FinMin Aurangzeb said that revenue from the sugar sector increased by 47%, 390,000 non-filers were identified, and Rs9.8 billion in fake refund claims was blocked. From July 1, the 800-column return will be simplified to a simple format requiring only 7 basic pieces of information.
There will be savings of Rs3,000 billion from agreements with Independent Power Producers (IPPs). Losses of power distribution companies have been reduced by Rs140 billion. The price of electricity has been reduced by more than 31%. Agreements with IPPs have been revised, resulting in savings of Rs3,000 billion.

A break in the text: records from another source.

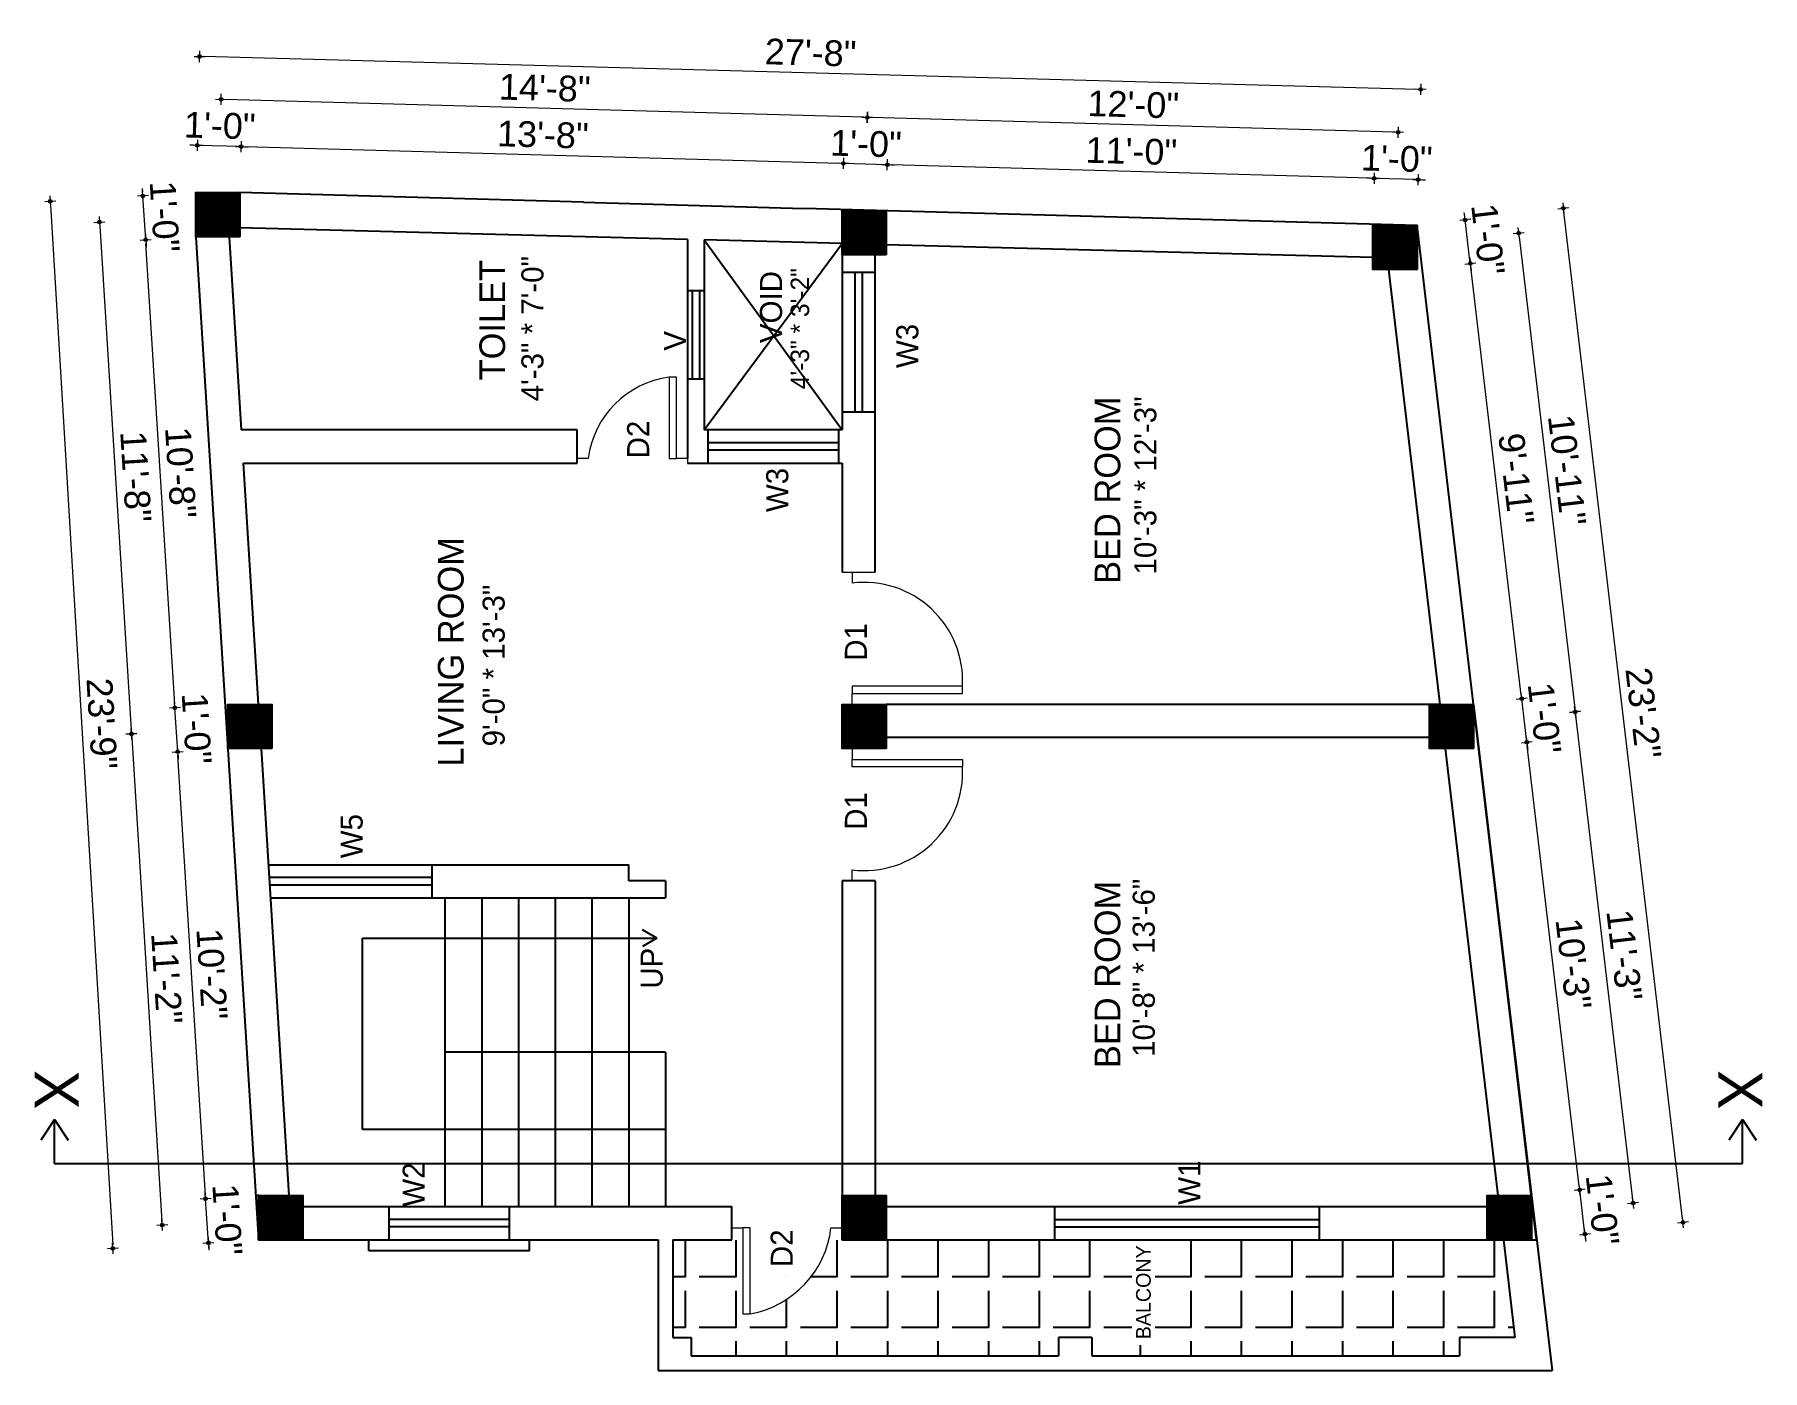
# Model space of a CAD drawing. Header units: inches. Extents: x 10143 to 33197, y -150 to 3760.
# Drawn here: x 27647.1 to 28117, y 1838.3 to 2201.8 of the extents above; entities that cross this region are included whole.
import ezdxf
from ezdxf.enums import TextEntityAlignment as Align

# ---------------------------------------------------------------- set-up
doc = ezdxf.new("R2010")
doc.units = ezdxf.units.IN
doc.header["$LTSCALE"] = 0.5
doc.header["$MEASUREMENT"] = 0
doc.header["$PDMODE"] = 66
for name, color, linetype, lineweight in [('0.13', 2, 'Continuous', 13), ('DW TEXT', 92, 'Continuous', 15), ('ELEVATION', 85, 'Continuous', 9), ('hatch', 9, 'Continuous', 0), ('Toilet', 7, 'Continuous', 25)]:
    doc.layers.add(name, color=color, linetype=linetype, lineweight=lineweight)
doc.styles.add('CEN', font='GOTHIC.TTF')
doc.styles.get("Standard").update_dxf_attribs({"font": 'arial.ttf'})
doc.dimstyles.new('S8', dxfattribs={"dimtxt": 5, "dimasz": 1, "dimexe": 6, "dimexo": 18, "dimgap": 1.9375, "dimtad": 1, "dimdec": 0, "dimzin": 3, "dimdsep": 46, "dimlunit": 4, "dimtxsty": 'Standard', "dimblk": 'dot 2', "dimcen": 12, "dimse1": 1, "dimse2": 1, "dimclrd": 1, "dimclre": 1, "dimclrt": 256, "dimadec": 0, "dimazin": 0, "dimtfac": 0.75, "dimtdec": 0, "dimtix": 1, "dimtmove": 1, "dimatfit": 3, "dimldrblk": 'DOT', "dimfxl": 1, "dimtolj": 1, "dimtzin": 0, "dimlwd": 9, "dimlwe": 9, "dimarcsym": 0})
pattern_1 = [(225, (31440.34766, 2132.74769), (0.0883883476, -0.0883883476), [])]

# ---------------------------------------------------------------- blocks, each defined once
blk = doc.blocks.new('dot1')
at = {"layer": 'hatch'}
h = blk.add_hatch(color=256, dxfattribs=at)
edge = h.paths.add_edge_path()
edge.add_arc((0, 0), 1, 0, 360)
for p, q in [((3, 0), (-3, 0)), ((0, 3), (0, -3))]:
    blk.add_line(p, q, dxfattribs=at)
blk.add_circle((0, 0), 1, dxfattribs=at)
blk = doc.blocks.new('dot 2')
at = {"layer": 'hatch', "xscale": 0.5, "yscale": 0.5, "zscale": 0.5}
blk.add_blockref('dot1', (0, 0), dxfattribs=at)
blk = doc.blocks.new('*D2107')
at = {"layer": 'Defpoints', "color": 0, "transparency": 16777216}
for p in [(28054.2, 1885.9), (28067.32, 1887.45), (28055.62, 1873.9)]:
    blk.add_point(p, dxfattribs=at)
at = {"layer": 'Toilet', "color": 1, "lineweight": 9, "transparency": 16777216}
for p, q in [((28067.2, 1888.44), (28067.08, 1889.43)), ((28068.73, 1875.45), (28067.32, 1887.45)), ((28068.85, 1874.45), (28068.97, 1873.46))]:
    blk.add_line(p, q, dxfattribs=at)
for p, rotation in [((28067.32, 1887.45), 276.7273510482261), ((28068.73, 1875.45), 96.72735104822614)]:
    blk.add_blockref('dot 2', p, dxfattribs=dict(at, rotation=rotation))
at = {"layer": 'Toilet', "transparency": 16777216, "insert": (28073.5, 1882.09), "char_height": 7, "attachment_point": 5, "rotation": 276.7274}
blk.add_mtext('\\A1;1\'-0"', dxfattribs=at)
blk = doc.blocks.new('_Dot')
at = {"color": 0, "linetype": 'ByBlock', "lineweight": -2}
blk.add_line((-0.5, 0), (-1, 0), dxfattribs=at)
at = {"color": 0, "linetype": 'ByBlock', "const_width": 0.5}
blk.add_lwpolyline([(-0.25, 0, 1), (0.25, 0, 1)], format="xyb", close=True, dxfattribs=at)
blk = doc.blocks.new('*D2108')
at = {"layer": 'Defpoints', "color": 0, "transparency": 16777216}
for p in [(28038.44, 2007.52), (28052.95, 2009.23), (28054.2, 1885.9)]:
    blk.add_point(p, dxfattribs=at)
at = {"layer": 'Toilet', "color": 1, "lineweight": 9, "transparency": 16777216}
blk.add_line((28067.2, 1888.44), (28053.07, 2008.24), dxfattribs=at)
for p, rotation in [((28052.95, 2009.23), 96.72735104827724), ((28067.32, 1887.45), 276.7273510482772)]:
    blk.add_blockref('dot 2', p, dxfattribs=dict(at, rotation=rotation))
at = {"layer": 'Toilet', "transparency": 16777216, "insert": (28065.61, 1948.98), "char_height": 7, "attachment_point": 5, "rotation": 276.7274}
blk.add_mtext('\\A1;10\'-3"', dxfattribs=at)
blk = doc.blocks.new('*D2109')
at = {"layer": 'Defpoints', "color": 0, "transparency": 16777216}
for p in [(28051.56, 2021.07), (28038.44, 2019.52), (28038.44, 2007.52)]:
    blk.add_point(p, dxfattribs=at)
at = {"layer": 'Toilet', "color": 1, "lineweight": 9, "transparency": 16777216}
for p, q in [((28051.44, 2022.06), (28051.32, 2023.05)), ((28052.95, 2009.23), (28051.56, 2021.07)), ((28053.07, 2008.24), (28053.19, 2007.25))]:
    blk.add_line(p, q, dxfattribs=at)
for p, rotation in [((28051.56, 2021.07), 276.7273510482772), ((28052.95, 2009.23), 96.72735104827724)]:
    blk.add_blockref('dot 2', p, dxfattribs=dict(at, rotation=rotation))
at = {"layer": 'Toilet', "transparency": 16777216, "insert": (28057.73, 2015.8), "char_height": 7, "attachment_point": 5, "rotation": 276.7274}
blk.add_mtext('\\A1;1\'-0"', dxfattribs=at)
blk = doc.blocks.new('*D2110')
at = {"layer": 'Defpoints', "color": 0, "transparency": 16777216}
for p in [(28037.58, 2139.51), (28023.08, 2137.8), (28038.44, 2019.52)]:
    blk.add_point(p, dxfattribs=at)
at = {"layer": 'Toilet', "color": 1, "lineweight": 9, "transparency": 16777216}
blk.add_line((28051.44, 2022.06), (28037.7, 2138.52), dxfattribs=at)
for p, rotation in [((28037.58, 2139.51), 96.72735104827724), ((28051.56, 2021.07), 276.7273510482772)]:
    blk.add_blockref('dot 2', p, dxfattribs=dict(at, rotation=rotation))
at = {"layer": 'Toilet', "transparency": 16777216, "insert": (28050.04, 2080.93), "char_height": 7, "attachment_point": 5, "rotation": 276.7274}
blk.add_mtext('\\A1;9\'-11"', dxfattribs=at)
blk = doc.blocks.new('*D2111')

The government has proposed several new tax measures aimed at increasing revenue and bringing various sectors of the economy into the tax net. According to the budget document, a 5% increase in the tax rate on interest income has been decided, which will raise the rate from 15% to 20%. However, this increase will not be applicable to National Savings Schemes.
The government has also decided to bring e-commerce or online businesses into the tax net. Individuals or companies selling goods or services through online platforms will be subject to tax.
Moreover, tax will be imposed on goods and services ordered online. E-commerce businesses will be required to submit their monthly transaction data and tax reports to the relevant authorities. The budget has also proposed a 25% tax on income earned through debt.
To ensure fair competition between imported and locally manufactured solar panels, the budget has proposed that imports of solar panels be taxed at a rate of 18%. The finance minister said that this measure will play a crucial role in promoting the local industry of solar panels in Pakistan.